Opt Express. 2024 May 6;32(10):16645-16656. doi: 10.1364/OE.516681.
Single-Photon Avalanche Diode (SPAD) direct Time-of-Flight (dToF) sensors provide depth imaging over long distances, enabling the detection of objects even in the absence of contrast in colour or texture. However, distant objects are represented by just a few pixels and are subject to noise from solar interference, limiting the applicability of existing computer vision techniques for high-level scene interpretation. We present a new SPAD-based vision system for human activity recognition, based on convolutional and recurrent neural networks, which is trained entirely on synthetic data. In tests using real data from a 64×32 pixel SPAD, captured over a distance of 40 m, the scheme successfully overcomes the limited transverse resolution (in which human limbs are approximately one pixel across), achieving an average accuracy of 89% in distinguishing between seven different activities. The approach analyses continuous streams of video-rate depth data at a maximal rate of 66 FPS when executed on a GPU, making it well-suited for real-time applications such as surveillance or situational awareness in autonomous systems.

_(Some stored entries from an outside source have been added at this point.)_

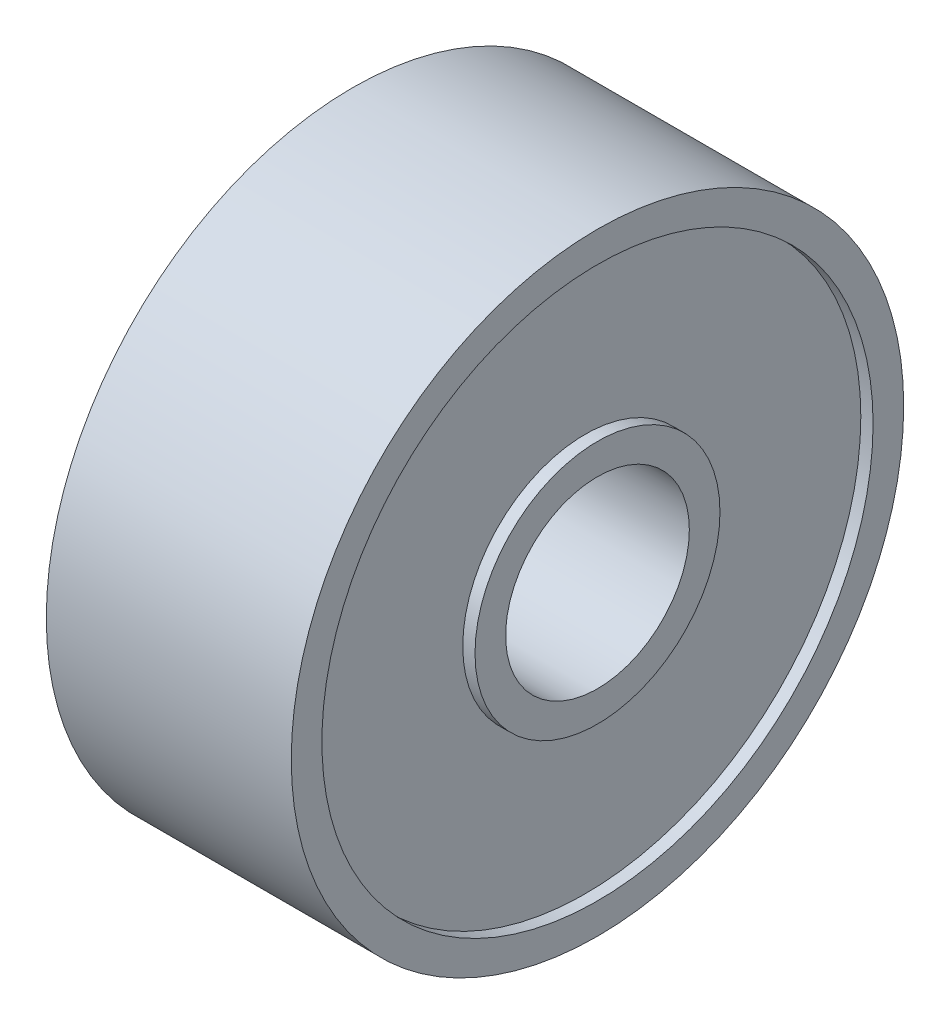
from build123d import *

# Parameters (mm, degrees)
ESQUISSE1_R             = 5
ESQUISSE1_R_2           = 1.5
BOSS_EXTRU_1_DEPTH      = 4
ESQUISSE2_R             = 4.5
ESQUISSE2_R_2           = 2
ENL_V_MAT_EXTRU_1_DEPTH = 0.2
ENL_V_START             = -0.2
ESQUISSE3_R             = 4.5
ESQUISSE3_R_2           = 2
ENL_V_MAT_EXTRU_2_DEPTH = 0.2


with BuildPart() as part:
    # Esquisse1 → Boss.-Extru.1 (new body)
    with BuildSketch(Plane(origin=(0, 0, 0), x_dir=(0, 0, -1), z_dir=(1, 0, 0))):
        Circle(ESQUISSE1_R)
        Circle(ESQUISSE1_R_2, mode=Mode.SUBTRACT)
    extrude(amount=BOSS_EXTRU_1_DEPTH)

    # Esquisse2 → Enl_v. mat.-Extru.1 (cut)
    with BuildSketch(Plane(origin=(4, 0, 0), x_dir=(0, 0, -1), z_dir=(1, 0, 0))):
        Circle(ESQUISSE2_R)
        Circle(ESQUISSE2_R_2, mode=Mode.SUBTRACT)
    extrude(amount=-ENL_V_MAT_EXTRU_1_DEPTH, mode=Mode.SUBTRACT)

    # Esquisse3 → Enl_v. mat.-Extru.2 (cut)
    with BuildSketch(Plane.ZY.offset(ENL_V_START)):
        with Locations(Location((0, 0, 0), (0, 0, 180))):
            Circle(ESQUISSE3_R)
        with Locations(Location((0, 0, 0), (0, 0, 180))):
            Circle(ESQUISSE3_R_2, mode=Mode.SUBTRACT)
    extrude(amount=ENL_V_MAT_EXTRU_2_DEPTH, mode=Mode.SUBTRACT)


solid = part.part

单光子雪崩二极管 (SPAD) 直接飞行时间 (dToF) 传感器可实现远距离深度成像,即使在颜色或纹理对比度缺乏的情况下也能检测到物体。然而,远距离物体只由几个像素表示,并且受到太阳干扰噪声的限制,这限制了现有计算机视觉技术在高级场景解释中的适用性。我们提出了一种新的基于 SPAD 的视觉系统,用于人体活动识别,该系统基于卷积和循环神经网络,完全在合成数据上进行训练。在使用来自 64×32 像素 SPAD 的实际数据进行的测试中,该方案成功克服了有限的横向分辨率(其中人体四肢大约为一个像素宽),在区分七种不同活动方面的平均准确率达到 89%。该方法在 GPU 上以最大 66 FPS 的速率分析视频帧率的连续深度数据流,非常适合实时应用,如监控或自主系统中的态势感知。